====== RECORDS FOR PROCESSING ======

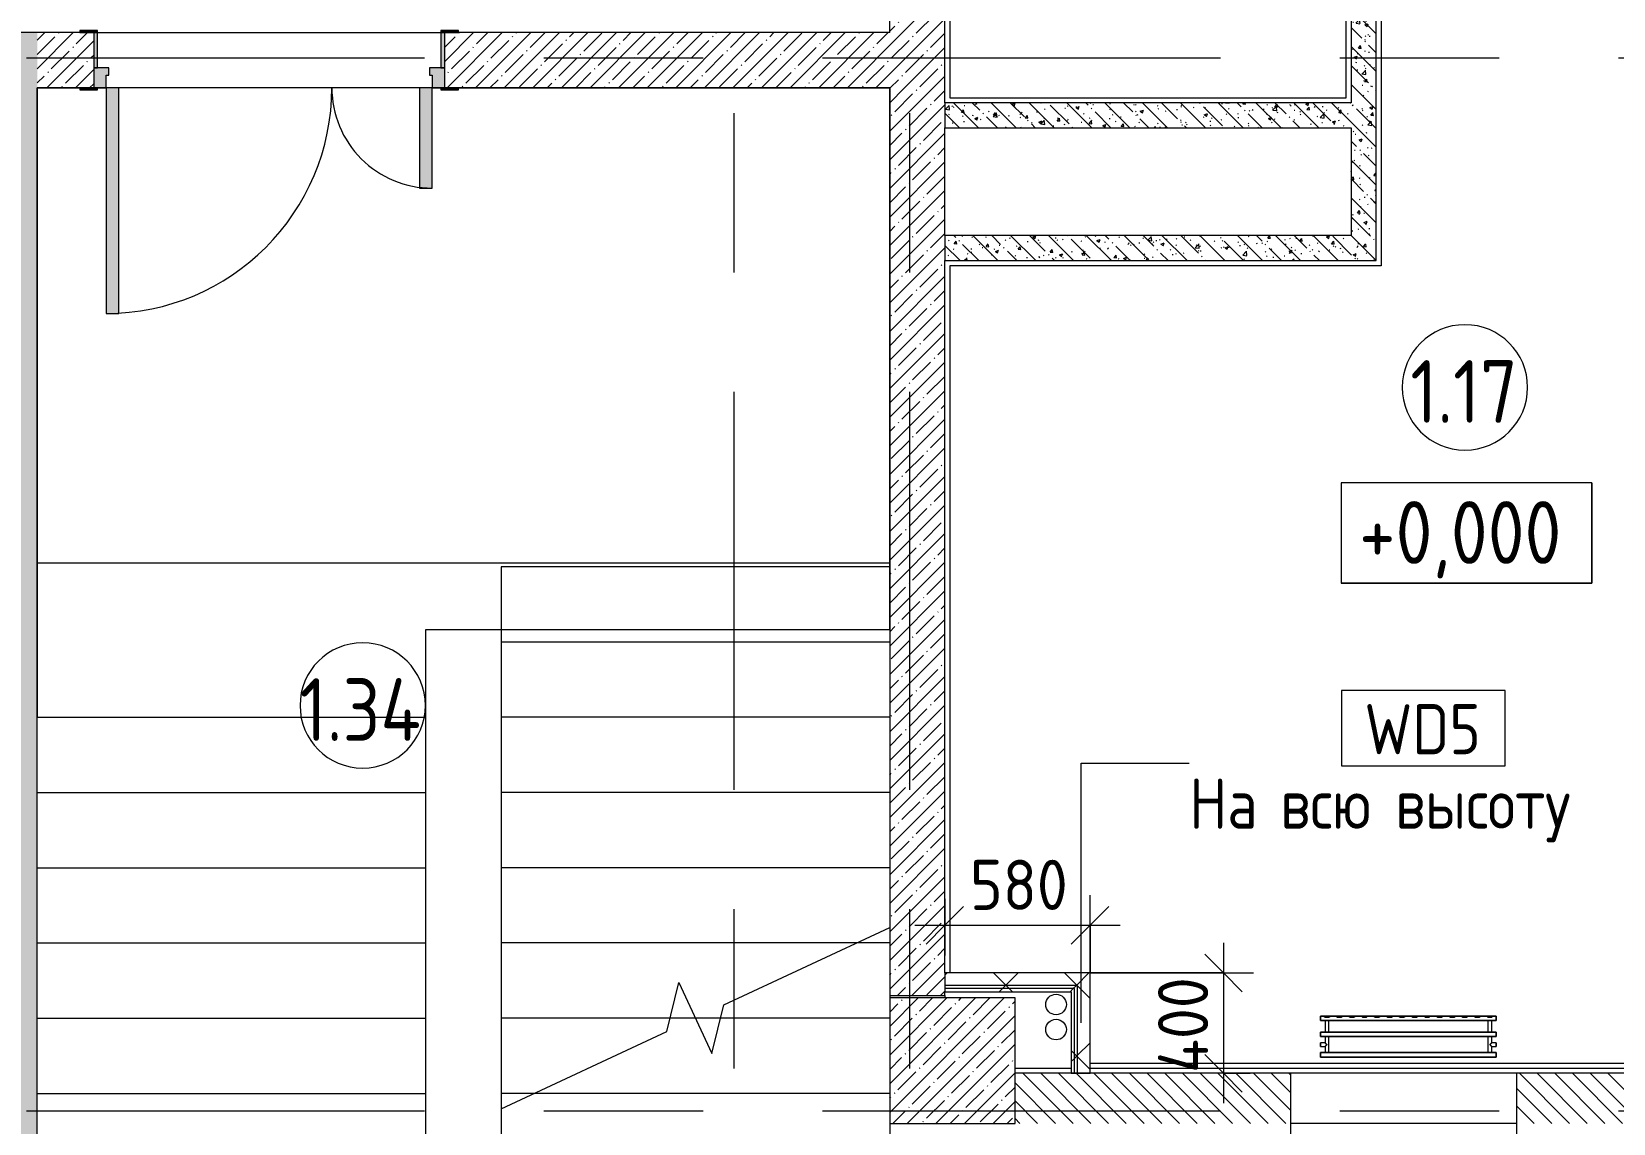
# Model space of a CAD drawing. Header units: millimetres. Extents: x 35787 to 244346, y -8553 to 29000.
# Drawn here: x 72057 to 78367, y 3550 to 7904 of the extents above; entities that cross this region are included whole.
import ezdxf

# ---------------------------------------------------------------- set-up
doc = ezdxf.new("R2010")
doc.units = ezdxf.units.MM
doc.linetypes.add('Осевая', pattern=[3175, 635, -476.25, 1587.5, -476.25])
for name, color, linetype, lineweight in [('A-ANNO-DIMS', 7, 'Continuous', 9), ('A-ANNO-DIMS-100', 7, 'Continuous', 9), ('A-AREA-IDEN', 7, 'Continuous', 9), ('A-DETL', 7, 'Continuous', 9), ('A-WALL', 7, 'Continuous', 9), ('A-WALL-1', 7, 'Continuous', 13), ('A-WALL-IDEN', 7, 'Continuous', 9), ('G-ANNO-DIMS', 7, 'Continuous', 9), ('I-WALL', 7, 'Continuous', 9), ('S-COLS', 7, 'Continuous', 9), ('S-STRS', 7, 'Continuous', 9), ('S-STRS-MBND', 7, 'Continuous', 9), ('Оси-2', 7, 'Осевая', 9)]:
    doc.layers.add(name, color=color, linetype=linetype, lineweight=lineweight)
for name, color, linetype, lineweight, true_color in [('A-DOOR-1', 7, 'Continuous', 9, 0xaaaaaa), ('A-DOOR-2', 7, 'Continuous', 9, 0xe2e2e2), ('A-DOOR-FRAM-1', 7, 'Continuous', 9, 0xe2e2e2), ('A-DOOR-FRAM-2', 7, 'Continuous', 9, 0xaaaaaa), ('A-FLOR-1', 7, 'Continuous', 9, 0xaaaaaa), ('A-WALL-3', 7, 'Continuous', 13, 0x008040), ('I-WALL-1', 7, 'Continuous', 9, 0x787878), ('I-WALL-3', 7, 'Continuous', 9, 0x008040), ('M-EQPM-1', 7, 'Continuous', 9, 0xaaaaaa)]:
    doc.layers.add(name, color=color, linetype=linetype, lineweight=lineweight, true_color=true_color)
doc.styles.add('GOST Common', font='GOST_Common.ttf', dxfattribs={"width": 0.9, "height": 250})
doc.styles.add('GOST Common_1', font='GOST_Common.ttf', dxfattribs={"width": 0.9, "height": 200})
doc.styles.add('ISOCPEUR_1', font='isocpeur.ttf', dxfattribs={"width": 0.9, "height": 200})
doc.dimstyles.new('ISO-2_0_0_9К_Средний_округл2_1', dxfattribs={"dimscale": 304.8, "dimtxt": 199.196235, "dimasz": 0.492126, "dimexe": 0.393701, "dimexo": 0, "dimgap": 0, "dimtad": 1, "dimdec": 0, "dimrnd": 10, "dimzin": 0, "dimdsep": 46, "dimtxsty": 'ISOCPEUR_1', "dimblk1": 'OBLIQUE', "dimblk2": 'OBLIQUE', "dimsah": 1, "dimcen": 0.09, "dimdle": 0.393701, "dimazin": 0, "dimtfac": 1, "dimtdec": 4, "dimtix": 1, "dimtmove": 0, "dimatfit": 3, "dimfxl": 1, "dimtvp": 1, "dimtolj": 1, "dimtzin": 0, "dimarcsym": 2})
pattern_1 = [(45, (0, 0), (-57.02463, 57.02463), []), (45, (57.025, 0), (-57.02463, 57.02463), [100.806, -20.161, 3.353, -16.808])]
pattern_2 = [(135, (0, 0), (-75.43415, -75.43415), [106.68, -17.78, 3.556, -17.78]), (135, (0, 75.39), (-75.43415, -75.43415), []), (50, (0, 0), (127.52922, -11.15758), [13.335, -146.685]), (355, (0, 0), (-24.66966, 133.74002), [10.668, -117.348]), (100.451, (10.63, -0.93), (102.85973, 122.58178), [11.333, -124.663]), (46.184, (0, 35.56), (189.75516, -29.43036), [20.002, -220.027]), (96.636, (15.81, 33.1), (166.1822, 173.1996), [17, -186.995]), (351.184, (0, 35.56), (166.18393, 173.19757), [16.002, -176.022]), (21, (17.78, 26.67), (106.13027, -71.58603), [13.335, -146.685]), (326, (17.78, 26.67), (43.26188, 128.93175), [10.668, -117.348]), (71.451, (26.62, 20.7), (149.39198, 57.34505), [11.333, -124.663]), (37.5, (0, 0), (2.162228, 59.188357), [3.353, -112.573, 3.353, -115.773, -117.793]), (37.5, (0, 0), (2.162228, 59.188357), [-235.052, 3.353, -114.44]), (7.5, (0, 0), (46.773857, 70.12615), [3.353, -64.567, 3.353, -109.906, -44.894]), (7.5, (0, 0), (46.773857, 70.12615), [-181.178, 3.353, -41.542]), (327.5, (-39.65, 0), (94.91367, -4.010093), [3.353, -41.097, 3.353, -135.331, -184.023]), (327.5, (-39.65, 0), (94.91367, -4.010093), [-183.134, 3.353, -180.67]), (317.5, (-57.43, 0), (103.69057, 17.79882), [3.353, -54.432, 3.353, -88.748, -130.683]), (317.5, (-57.43, 0), (103.69057, 17.79882), [-149.885, 3.353, -127.33])]
pattern_3 = [(45, (0, 0), (-141.42136, 141.42136), []), (135, (0, 0), (-141.42136, -141.42136), [])]

# ---------------------------------------------------------------- blocks, each defined once
blk = doc.blocks.new('BSC_Колонна _Прямоугольная - 500х500-V11-План монтажа стен и перегородок 1 этажа  в осях 12-23')
at = {"layer": 'S-COLS'}
h = blk.add_hatch(dxfattribs=at)
h.set_pattern_fill('FP_13', color=256, style=0, pattern_type=2)
h.set_pattern_definition([(45, (-75730, -3800), (-57.02463, 57.02463), []), (45, (-75672.975, -3800), (-57.02463, 57.02463), [100.806, -20.161, 3.353, -16.808])])
h.paths.add_polyline_path([(-250, -250), (250, -250), (250, 250), (-250, 250), (-250, 16.1)])
for p, q in [((250, 250), (-250, 250)), ((-250, 250), (-250, -250)), ((250, -250), (250, 250)), ((-250, -250), (250, -250))]:
    blk.add_line(p, q, dxfattribs=at)
blk = doc.blocks.new('110_Дверь_СКБ_2Ст - Д-1_л_Лестничная клетка EIS60 2-32142534-План монтажа стен и перегородок 1 этажа  в осях 12-23')
at = {"layer": 'A-DOOR-2'}
for points in [[(612.5, 1010), (612.5, 110), (662.5, 110), (662.5, 1010)], [(-587.5, 510), (-637.5, 510), (-637.5, 110), (-587.5, 110)], [(712.5, 30), (697.5, 30), (697.5, -110), (712.5, -110)]]:
    blk.add_hatch(color=256, dxfattribs=at).paths.add_polyline_path(points)
h = blk.add_hatch(color=256, dxfattribs=at)
h.paths.add_polyline_path([(-687.5, 110), (-687.5, 30), (-627.5, 30), (-627.5, 60), (-637.5, 60), (-637.5, 110)])
h.paths.add_polyline_path([(662.5, 110), (662.5, 60), (652.5, 60), (652.5, 30), (712.5, 30), (712.5, 110)])
at = {"layer": 'A-DOOR-FRAM-1'}
for points in [[(-742.5, 118), (-742.5, 110), (-672.5, 110), (-672.5, 118)], [(697.5, 118), (697.5, 110), (767.5, 110), (767.5, 118)], [(-672.5, 30), (-687.5, 30), (-687.5, -110), (-672.5, -110)], [(-672.5, -110), (-742.5, -110), (-742.5, -118), (-672.5, -118)], [(697.5, -110), (697.5, -118), (767.5, -118), (767.5, -110)]]:
    blk.add_hatch(color=256, dxfattribs=at).paths.add_polyline_path(points)
at = {"layer": 'A-DOOR-1'}
for p, q in [((662.5, 1010), (612.5, 1010)), ((612.5, 1010), (612.5, 110)), ((662.5, 110), (662.5, 1010)), ((-637.5, 510), (-637.5, 110)), ((-587.5, 510), (-637.5, 510)), ((-587.5, 110), (-587.5, 510)), ((-637.5, 110), (-587.5, 110)), ((612.5, 110), (662.5, 110))]:
    blk.add_line(p, q, dxfattribs=at)
for centre, radius, start, end in [((662.5, 110), 900, 90, 180), ((-637.5, 110), 400, 360, 90)]:
    blk.add_arc(centre, radius, start, end, dxfattribs=at)
at = {"layer": 'A-DOOR-FRAM-2'}
for p, q in [((-672.5, 118), (-742.5, 118)), ((-742.5, 118), (-742.5, 110)), ((-742.5, 110), (-672.5, 110)), ((-637.5, 110), (-687.5, 110)), ((-687.5, 110), (-687.5, 30)), ((-672.5, 110), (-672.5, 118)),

======

→ WHAT IS BEING ASKED: Leave out any pictures and return exactly the lines from the beginning of the data through the line with "doc.units = ezdxf.units.MM", inclusive.

→ RESPONSE AREA:
# Model space of a CAD drawing. Header units: millimetres. Extents: x 35787 to 244346, y -8553 to 29000.
# Drawn here: x 72057 to 78367, y 3550 to 7904 of the extents above; entities that cross this region are included whole.
import ezdxf

# ---------------------------------------------------------------- set-up
doc = ezdxf.new("R2010")
doc.units = ezdxf.units.MM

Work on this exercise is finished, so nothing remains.